The sites, which are accessible to captains and lieutenants with a password, are windows onto the job of commanding soldiers and onto the unfathomable complexities of fighting urban guerrillas. Companycommand is divided into twelve areas, including Training, Warfighting, and Soldiers and Families, each of which is broken into discussion threads on everything from mortar attacks to grief counselling and dishonest sergeants. Some discussions are quite raw. Captains post comments on coping with fear, on motivating soldiers to break the taboo against killing, and on counselling suicidal soldiers. They advise each other on how to kick in doors and how to handle pregnant subordinates. Most captains now have access to the Internet at even the most remote bases in Iraq, and many say they’ll find at least ten or fifteen minutes every day to check the site. They post tricks they’ve learned or ask questions like this, which set off months of responses: “What has anyone tried to do to alleviate the mortar attacks on their forward operating bases?”

Little by little, the Army is absorbing Companycommand.com and Platoonleader.org. In 2002, West Point put Platoonleader on its server, and a year later added Companycommand; both sites now have military addresses. The Army also began paying the Web site’s expenses.

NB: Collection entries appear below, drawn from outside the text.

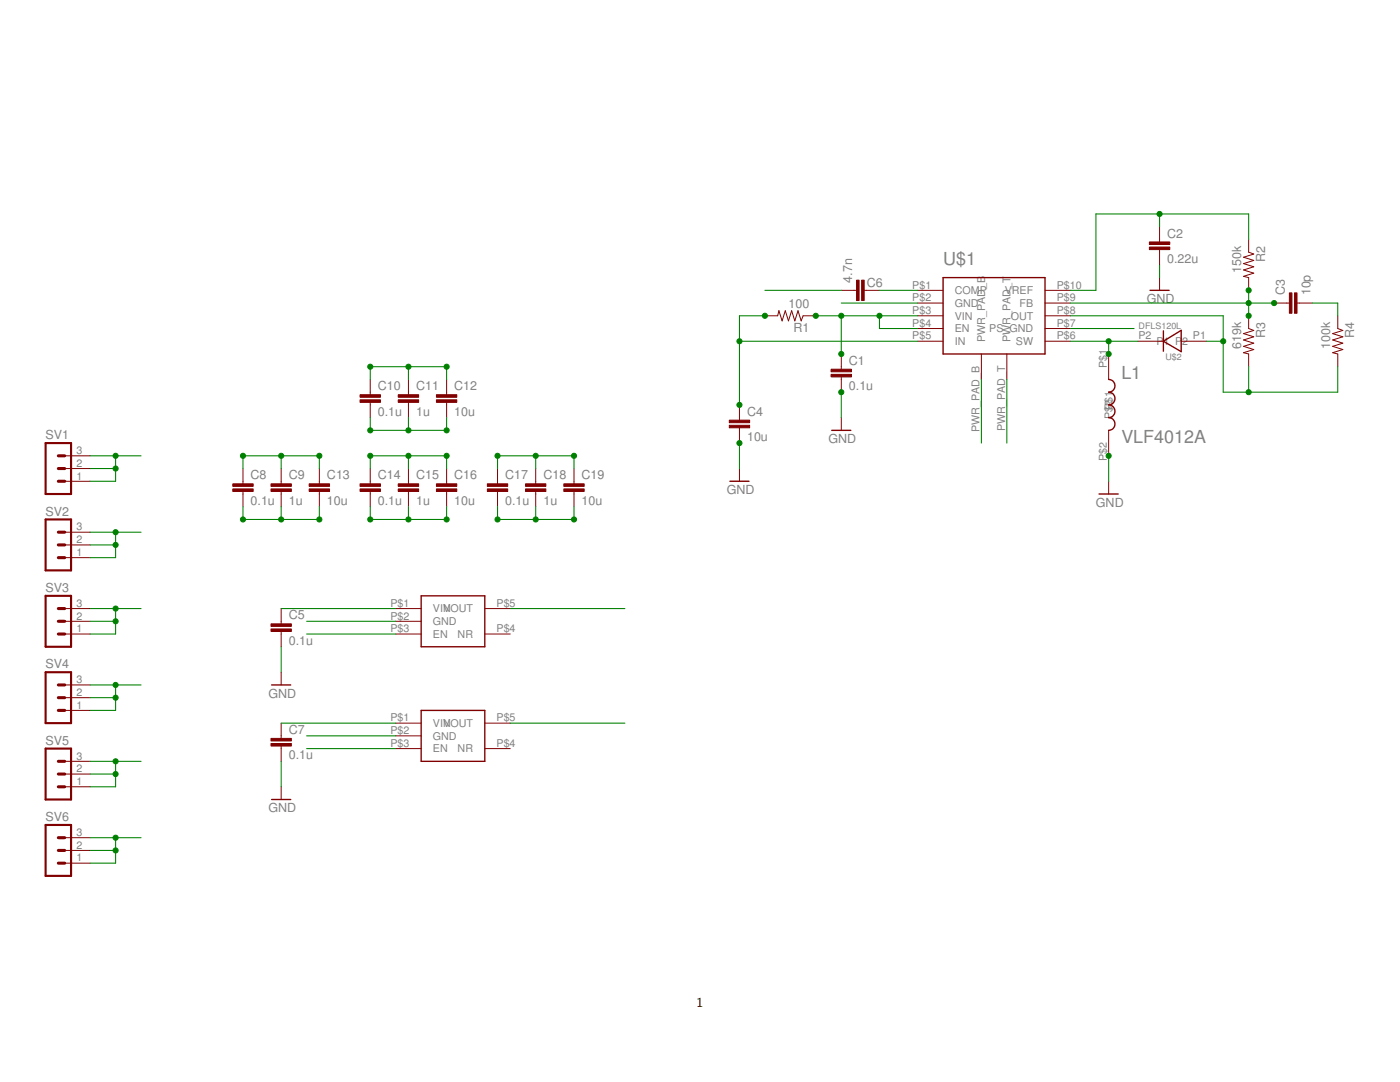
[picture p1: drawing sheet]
<svg xmlns="http://www.w3.org/2000/svg" width="279mm" height="216mm" viewBox="0 0 279 216" stroke-linecap="round" stroke-linejoin="round" font-family="sans-serif">
<g fill="none" stroke="#800000" stroke-width=".2">
<path d="M167.9 57.9h3M172.5 57.9h3M183.1 57.9h5.1M208.6 57.9h5M231.4 45.2v3.1M231.4 49.8v3.1M231.4 55.4v2.5M249.2 47.8v2.5l1 .4-2 .6 2 .7-2 .6 2 .6-2 .7 2 .6-2 .6 1 .3v2.5M73.9 75.7v3.1M81.5 75.7v3.1M89.1 75.7v3.1M152.7 63h2.5l.2-1 .7 2 .6-2 .7 2 .6-2 .6 2 .7-2 .6 2 .4-1h2.5"/>
<path d="M167.9 70.6v3.1M167.9 75.2v3.1M183.1 63h5.1M183.1 68.1h5.1M183.1 60.5h5.1M183.1 65.6h5.1M195.9 70.6v5.1M200.9 70.6v5.1M208.6 63h5M208.6 68.1h5M208.6 60.5h5M208.6 65.6h5"/>
<path d="M221.3 70.6v5.1M227.1 68.1h5.1M235.7 68.1h5.1M249.2 63v2.6l1 .3-2 .7 2 .6-2 .6 2 .7-2 .6 2 .6-2 .7 1 .2v2.6M254.3 60.5h3M258.8 60.5h3.1M267 63v2.6l1 .3-2 .7 2 .6-2 .6 2 .7-2 .6 2 .6-2 .7 1 .2v2.6M12.9 96h5.1M12.9 93.5h5.1M12.9 91h5.1M48.5 93.5v3M48.5 98.1v3"/>
<path d="M56.1 93.5v3M56.1 98.1v3M63.7 93.5v3M63.7 98.1v3M73.9 80.3v3M73.9 93.5v3M73.9 98.1v3M81.5 80.3v3M81.5 93.5v3M81.5 98.1v3M89.1 80.3v3M89.1 93.5v3"/>
<path d="M89.1 98.1v3M99.3 93.5v3M99.3 98.1v3M106.9 93.5v3M106.9 98.1v3M114.6 93.5v3M114.6 98.1v3M147.6 80.8v3M147.6 85.4v3M147.6 93.5v2.5M167.9 83.3v2.6M221.3 85.9v5.1"/>
<path d="M221.3 96v2.6M12.9 111.3h5.1M12.9 108.7h5.1M12.9 106.2h5.1M12.9 121.4h5.1M12.9 124h5.1M12.9 126.5h5.1M12.9 139.2h5.1M12.9 136.7h5.1M56.1 121.4v3.1M56.1 126v3.1M56.1 134.1v2.6"/>
<path d="M79 121.4h5.1M79 124h5.1M79 126.5h5.1M96.8 121.4h5M96.8 126.5h5M12.9 141.8h5.1M12.9 157h5.1M12.9 154.5h5.1M12.9 151.9h5.1M56.1 144.3v3M56.1 148.9v3M56.1 157v2.5"/>
<path d="M79 144.3h5.1M79 146.8h5.1M79 149.4h5.1M96.8 144.3h5M96.8 149.4h5M12.9 172.2h5.1M12.9 169.7h5.1M12.9 167.2h5.1"/>
</g>
<g fill="#800000" stroke="#800000" stroke-width=".2">
<path d="M165.9 74.7h4v.5h-4z"/>
<path d="M165.9 73.7h4v.5h-4z"/>
<path d="M145.5 84.9h4.1v.5h-4.1z"/>
<path d="M145.5 83.8h4.1v.5h-4.1z"/>
<path d="M170.9 55.9h.5v4.1h-.5z"/>
<path d="M172 55.9h.5v4.1h-.5z"/>
<path d="M229.4 49.3h4v.5h-4z"/>
<path d="M229.4 48.3h4v.5h-4z"/>
<path d="M258.3 58.4h.5v4.1h-.5z"/>
<path d="M257.3 58.4h.5v4.1h-.5z"/>
<path d="M71.9 79.8h4v.5h-4z"/>
<path d="M71.9 78.8h4v.5h-4z"/>
<path d="M79.5 79.8h4v.5h-4z"/>
<path d="M79.5 78.8h4v.5h-4z"/>
<path d="M54.1 125.5h4v.5h-4z"/>
<path d="M54.1 124.5h4v.5h-4z"/>
<path d="M54.1 148.4h4v.5h-4z"/>
<path d="M54.1 147.3h4v.5h-4z"/>
<path d="M46.5 97.6h4v.5h-4z"/>
<path d="M46.5 96.5h4v.5h-4z"/>
<path d="M54.1 97.6h4v.5h-4z"/>
<path d="M54.1 96.5h4v.5h-4z"/>
<path d="M71.9 97.6h4v.5h-4z"/>
<path d="M71.9 96.5h4v.5h-4z"/>
<path d="M79.5 97.6h4v.5h-4z"/>
<path d="M79.5 96.5h4v.5h-4z"/>
<path d="M97.3 97.6h4v.5h-4z"/>
<path d="M97.3 96.5h4v.5h-4z"/>
<path d="M104.9 97.6h4v.5h-4z"/>
<path d="M104.9 96.5h4v.5h-4z"/>
<path d="M87.1 79.8h4.1v.5h-4.1z"/>
<path d="M87.1 78.8h4.1v.5h-4.1z"/>
<path d="M61.7 97.6h4.1v.5h-4.1z"/>
<path d="M61.7 96.5h4.1v.5h-4.1z"/>
<path d="M87.1 97.6h4.1v.5h-4.1z"/>
<path d="M87.1 96.5h4.1v.5h-4.1z"/>
<path d="M112.5 97.6h4.1v.5h-4.1z"/>
<path d="M112.5 96.5h4.1v.5h-4.1z"/>
</g>
<path d="M188.2 55.4h20.4v15.2h-20.4zM229.5 57.9h3.8M221.3 75.7a1.27 1.27 0 0 1 1.2 1.3 1.27 1.27 0 0 1-1.2 1.3 1.27 1.27 0 0 1 1.2 1.2 1.27 1.27 0 0 1-1.2 1.3 1.27 1.27 0 0 1 1.2 1.3 1.27 1.27 0 0 1-1.2 1.2 1.27 1.27 0 0 1 1.2 1.3 1.27 1.27 0 0 1-1.2 1.3M232.2 68.1l3.5-2.2v4.3zM232.2 66v4.1M145.7 96h3.8M166 85.9h3.8M219.4 98.6h3.8M84.1 118.9h12.7v10.2h-12.7zM54.2 136.7h3.8M54.2 159.5h3.8M84.1 141.8h12.7v10.1h-12.7z" fill="none" stroke="#800000" stroke-width=".28"/>
<path d="M9.1 88.4h5.1v10.2h-5.1zM9.1 103.7h5.1v10.1h-5.1zM9.1 118.9h5.1v10.2h-5.1zM9.1 134.1h5.1v10.2h-5.1zM9.1 149.4h5.1v10.1h-5.1zM9.1 164.6h5.1v10.2h-5.1z" fill="none" stroke="#800000" stroke-width=".42"/>
<g fill="none" stroke="#800000" stroke-width=".61">
<path d="M11.6 91h1.3M11.6 93.5h1.3M11.6 96h1.3M11.6 106.2h1.3M11.6 108.7h1.3M11.6 111.3h1.3M11.6 121.4h1.3M11.6 124h1.3M11.6 126.5h1.3M11.6 136.7h1.3M11.6 139.2h1.3M11.6 141.8h1.3"/>
<path d="M11.6 151.9h1.3M11.6 154.5h1.3M11.6 157h1.3M11.6 167.2h1.3M11.6 169.7h1.3M11.6 172.2h1.3"/>
</g>
<g fill="none" stroke="#008000" stroke-width=".21">
<path d="M152.7 57.9h15.2M175.5 57.9h7.6M231.4 42.7v2.5M231.4 52.9v2.5M249.2 47.8v-5.1h-30.5v15.2h-5.1M249.2 57.9v5.1M73.9 75.7v-2.5h15.2v2.5M81.5 73.2v2.5M147.6 68.1h35.5M152.7 63h-5.1v17.8M162.8 63h20.3M167.9 60.5h15.2"/>
<path d="M167.9 63v7.6M175.5 63v2.6h7.6M195.9 75.7v12.7M200.9 75.7v12.7M213.6 60.5h40.7M213.6 65.6h12.7M213.6 63h30.5v15.3h22.9v-5.1M213.6 68.1h13.5M221.3 68.1v2.5M240.8 68.1h3.3M249.2 73.2v5.1M261.9 60.5h5.1v2.5"/>
<path d="M18 91h10.2M18 93.5h5.1M23.1 91v5h-5.1M48.5 93.5v-2.5h15.2v2.5M56.1 91v2.5M73.9 83.3v2.6h15.2v-2.6M73.9 93.5v-2.5h15.2v2.5M81.5 83.3v2.6M81.5 91v2.5M99.3 93.5v-2.5h15.3v2.5M106.9 91v2.5M221.3 91v5"/>
<path d="M18 106.2h10.2M18 108.7h5.1M23.1 106.2v5.1h-5.1M48.5 101.1v2.6h15.2v-2.6M56.1 101.1v2.6M73.9 101.1v2.6h15.2v-2.6M81.5 101.1v2.6M99.3 101.1v2.6h15.3v-2.6M106.9 101.1v2.6M18 124h5.1M18 121.4h10.2M18 136.7h10.2"/>
<path d="M18 139.2h5.1M23.1 121.4v5.1h-5.1M23.1 136.7v5.1h-5.1M56.1 121.4h22.9M61.2 124h17.8M61.2 126.5h17.8M101.8 121.4h22.9M18 151.9h10.2M18 154.5h5.1M23.1 151.9v5.1h-5.1M56.1 144.3h22.9M61.2 146.8h17.8"/>
<path d="M61.2 149.4h17.8M101.8 144.3h22.9M18 167.2h10.2M18 169.7h5.1M23.1 167.2v5h-5.1"/>
</g>
<path d="M167.9 78.3v5M147.6 88.4v5.1M56.1 129.1v5M56.1 151.9v5.1" fill="none" stroke="#008000" stroke-width=".2"/>
<g fill="#008000" stroke="#008000" stroke-width=".2">
<circle cx="147.6" cy="88.4" r=".51"/>
<circle cx="167.9" cy="78.3" r=".51"/>
<circle cx="221.3" cy="91" r=".51"/>
<circle cx="73.9" cy="85.9" r=".51"/>
<circle cx="81.5" cy="85.9" r=".51"/>
<circle cx="89.1" cy="85.9" r=".51"/>
<circle cx="56.1" cy="103.7" r=".51"/>
<circle cx="48.5" cy="103.7" r=".51"/>
<circle cx="63.7" cy="103.7" r=".51"/>
<circle cx="81.5" cy="103.7" r=".51"/>
<circle cx="73.9" cy="103.7" r=".51"/>
<circle cx="89.1" cy="103.7" r=".51"/>
<circle cx="114.6" cy="103.7" r=".51"/>
<circle cx="106.9" cy="103.7" r=".51"/>
<circle cx="99.3" cy="103.7" r=".51"/>
<circle cx="23.1" cy="106.2" r=".51"/>
<circle cx="23.1" cy="108.7" r=".51"/>
<circle cx="162.8" cy="63" r=".51"/>
<circle cx="167.9" cy="63" r=".51"/>
<circle cx="175.5" cy="63" r=".51"/>
<circle cx="167.9" cy="70.6" r=".51"/>
<circle cx="152.7" cy="63" r=".51"/>
<circle cx="147.6" cy="80.8" r=".51"/>
<circle cx="147.6" cy="68.1" r=".51"/>
<circle cx="89.1" cy="73.2" r=".51"/>
<circle cx="81.5" cy="73.2" r=".51"/>
<circle cx="73.9" cy="73.2" r=".51"/>
<circle cx="23.1" cy="91" r=".51"/>
<circle cx="23.1" cy="93.5" r=".51"/>
<circle cx="23.1" cy="167.2" r=".51"/>
<circle cx="23.1" cy="169.7" r=".51"/>
<circle cx="221.3" cy="68.1" r=".51"/>
<circle cx="221.3" cy="70.6" r=".51"/>
<circle cx="249.2" cy="78.3" r=".51"/>
<circle cx="244.1" cy="68.1" r=".51"/>
<circle cx="63.7" cy="91" r=".51"/>
<circle cx="56.1" cy="91" r=".51"/>
<circle cx="48.5" cy="91" r=".51"/>
<circle cx="23.1" cy="121.4" r=".51"/>
<circle cx="23.1" cy="124" r=".51"/>
<circle cx="249.2" cy="60.5" r=".51"/>
<circle cx="249.2" cy="57.9" r=".51"/>
<circle cx="254.3" cy="60.5" r=".51"/>
<circle cx="249.2" cy="63" r=".51"/>
<circle cx="231.4" cy="42.7" r=".51"/>
<circle cx="89.1" cy="91" r=".51"/>
<circle cx="81.5" cy="91" r=".51"/>
<circle cx="73.9" cy="91" r=".51"/>
<circle cx="23.1" cy="136.7" r=".51"/>
<circle cx="23.1" cy="139.2" r=".51"/>
<circle cx="99.3" cy="91" r=".51"/>
<circle cx="106.9" cy="91" r=".51"/>
<circle cx="114.6" cy="91" r=".51"/>
<circle cx="23.1" cy="151.9" r=".51"/>
<circle cx="23.1" cy="154.5" r=".51"/>
</g>
<g font-size="3.6" fill="#808080">
<text x="188.2" y="52.9">U$1</text>
<text x="223.8" y="75.7">L1</text>
<text x="223.8" y="88.4">VLF4012A</text>
</g>
<text font-size="2.7" x="139" y="200.9">1</text>
<g font-size="2.5" fill="#808080">
<text x="232.9" y="47.4">C2</text>
<text x="232.9" y="52.5">0.22u</text>
<text x="252.5" y="52.2" transform="rotate(-90 252.5 52.2)">R2</text>
<text x="170.1" y="56.4" transform="rotate(-90 170.1 56.4)">4.7n</text>
<text x="173" y="57.3">C6</text>
<text x="247.7" y="54.5" transform="rotate(-90 247.7 54.5)">150k</text>
<text x="256.4" y="58.9" transform="rotate(-90 256.4 58.9)">C3</text>
<text x="261.5" y="58.9" transform="rotate(-90 261.5 58.9)">10p</text>
<text x="157.4" y="61.5">100</text>
<text x="228.9" y="60.5">GND</text>
<text x="158.3" y="66.3">R1</text>
<text x="247.7" y="69.7" transform="rotate(-90 247.7 69.7)">619k</text>
<text x="252.5" y="67.5" transform="rotate(-90 252.5 67.5)">R3</text>
<text x="265.5" y="69.7" transform="rotate(-90 265.5 69.7)">100k</text>
<text x="270.3" y="67.5" transform="rotate(-90 270.3 67.5)">R4</text>
<text x="75.4" y="77.9">C10</text>
<text x="83" y="77.9">C11</text>
<text x="90.7" y="77.9">C12</text>
<text x="169.4" y="77.9">0.1u</text>
<text x="169.4" y="72.8">C1</text>
<text x="75.4" y="83">0.1u</text>
<text x="83" y="83">1u</text>
<text x="90.7" y="83">10u</text>
<text x="149.1" y="83">C4</text>
<text x="9.1" y="87.7">SV1</text>
<text x="149.1" y="88">10u</text>
<text x="165.4" y="88.4">GND</text>
<text x="50" y="95.7">C8</text>
<text x="57.6" y="95.7">C9</text>
<text x="65.3" y="95.7">C13</text>
<text x="75.4" y="95.7">C14</text>
<text x="83" y="95.7">C15</text>
<text x="90.7" y="95.7">C16</text>
<text x="100.8" y="95.7">C17</text>
<text x="108.4" y="95.7">C18</text>
<text x="116.1" y="95.7">C19</text>
<text x="50" y="100.7">0.1u</text>
<text x="57.6" y="100.7">1u</text>
<text x="65.3" y="100.7">10u</text>
<text x="75.4" y="100.7">0.1u</text>
<text x="83" y="100.7">1u</text>
<text x="90.7" y="100.7">10u</text>
<text x="100.8" y="100.7">0.1u</text>
<text x="108.4" y="100.7">1u</text>
<text x="116.1" y="100.7">10u</text>
<text x="145" y="98.6">GND</text>
<text x="218.7" y="101.1">GND</text>
<text x="9.1" y="102.9">SV2</text>
<text x="9.1" y="118.1">SV3</text>
<text x="57.6" y="123.6">C5</text>
<text x="57.6" y="128.7">0.1u</text>
<text x="9.1" y="133.4">SV4</text>
<text x="53.6" y="139.2">GND</text>
<text x="9.1" y="148.6">SV5</text>
<text x="57.6" y="146.5">C7</text>
<text x="57.6" y="151.5">0.1u</text>
<text x="9.1" y="163.9">SV6</text>
<text x="53.6" y="162.1">GND</text>
</g>
<g font-size="2.1" fill="#808080">
<text x="182.1" y="57.6">P$1</text>
<text x="190.6" y="58.7">COMP</text>
<text x="200.5" y="58.7">VREF</text>
<text x="210.9" y="57.6">P$10</text>
<text x="182.1" y="60.1">P$2</text>
<text x="182.1" y="62.7">P$3</text>
<text x="182.1" y="65.2">P$4</text>
<text x="190.6" y="61.2">GND</text>
<text x="190.6" y="63.8">VIN</text>
<text x="201.7" y="63.8">OUT</text>
<text x="203.5" y="61.2">FB</text>
<text x="210.9" y="65.2">P$7</text>
<text x="210.9" y="62.7">P$8</text>
<text x="210.9" y="60.1">P$9</text>
<text x="182.1" y="67.7">P$5</text>
<text x="190.6" y="66.3">EN</text>
<text x="190.6" y="68.9">IN</text>
<text x="196.6" y="68.3" transform="rotate(-90 196.6 68.3)">PWR_PAD_B</text>
<text x="197.4" y="66.3">PS_GND</text>
<text x="201.7" y="68.3" transform="rotate(-90 201.7 68.3)">PWR_PAD_T</text>
<text x="202.8" y="68.9">SW</text>
<text x="210.9" y="67.7">P$6</text>
<text x="227.2" y="67.7">P2</text>
<text x="230.8" y="68.9">P1 P</text>
<text x="235.9" y="68.9">2</text>
<text x="238.1" y="67.7">P1</text>
<text x="220.9" y="73.4" transform="rotate(-90 220.9 73.4)">P$1</text>
<text x="222" y="83.5" transform="rotate(-90 222 83.5)">P$P2$1</text>
<text x="195.5" y="86.2" transform="rotate(-90 195.5 86.2)">PWR_PAD_B</text>
<text x="200.6" y="86" transform="rotate(-90 200.6 86)">PWR_PAD_T</text>
<text x="15.3" y="95.7">1</text>
<text x="15.3" y="93.1">2</text>
<text x="15.3" y="90.6">3</text>
<text x="220.9" y="92" transform="rotate(-90 220.9 92)">P$2</text>
<text x="15.3" y="105.8">3</text>
<text x="15.3" y="110.9">1</text>
<text x="15.3" y="108.4">2</text>
<text x="15.3" y="123.6">2</text>
<text x="15.3" y="121.1">3</text>
<text x="77.9" y="121.1">P$1</text>
<text x="77.9" y="123.6">P$2</text>
<text x="86.4" y="122.2">VIN</text>
<text x="86.4" y="124.7">GND</text>
<text x="88.5" y="122.2">VOUT</text>
<text x="99.1" y="121.1">P$5</text>
<text x="15.3" y="126.2">1</text>
<text x="77.9" y="126.2">P$3</text>
<text x="86.4" y="127.3">EN</text>
<text x="91.3" y="127.3">NR</text>
<text x="99.1" y="126.2">P$4</text>
<text x="15.3" y="136.3">3</text>
<text x="15.3" y="141.4">1</text>
<text x="15.3" y="138.9">2</text>
<text x="77.9" y="143.9">P$1</text>
<text x="99.1" y="143.9">P$5</text>
<text x="77.9" y="146.5">P$2</text>
<text x="77.9" y="149">P$3</text>
<text x="86.4" y="145.1">VIN</text>
<text x="86.4" y="147.6">GND</text>
<text x="88.5" y="145.1">VOUT</text>
<text x="99.1" y="149">P$4</text>
<text x="15.3" y="154.1">2</text>
<text x="15.3" y="151.6">3</text>
<text x="86.4" y="150.1">EN</text>
<text x="91.3" y="150.1">NR</text>
<text x="15.3" y="156.6">1</text>
<text x="15.3" y="166.8">3</text>
<text x="15.3" y="171.9">1</text>
<text x="15.3" y="169.3">2</text>
</g>
<g font-size="1.8" fill="#808080">
<text x="227.2" y="65.6">DFLS120L</text>
<text x="232.6" y="71.9">U$2</text>
</g>
</svg>

It sent all four of its founders to graduate school to earn Ph.D.s, so that they can become professors at West Point, where they will run the sites as part of their jobs. And the Army is starting to pay the Web sites the sincerest form of flattery: in April, the commanding general of the First Cavalry Division, Major General Peter Chiarelli, ordered up a conversation site for his officers. Cavnet, as it’s known, exists only on siprnet, and is vetted, as an official Army site. “We had a guy put up something that wasn’t within the rules of engagement,” Major Patrick Michaelis, who created the site, told me, “and within half an hour the staff judge-advocate guys put a response up.” But, of all the Web-based means of sharing combat information, Cavnet is the most immediate. While call is used mostly in training units in the U.S., and both Companycommand and Platoonleader are intended to build leadership skills and share general tips and tricks about fighting in Iraq, Cavnet is oriented, Michaelis said, to “the next patrol, six to nine hours out.” Lieutenant Keith Wilson, for example, read a “be on the look out” posting about insurgents who were wiring grenades behind posters of Moqtada al-Sadr, counting on Americans to detonate the explosives when they ripped the posters down. He spread the word among his men, and a few days later a soldier whom he’d sent to peel a poster off a wall peeked behind it first. Sure enough, a grenade was waiting.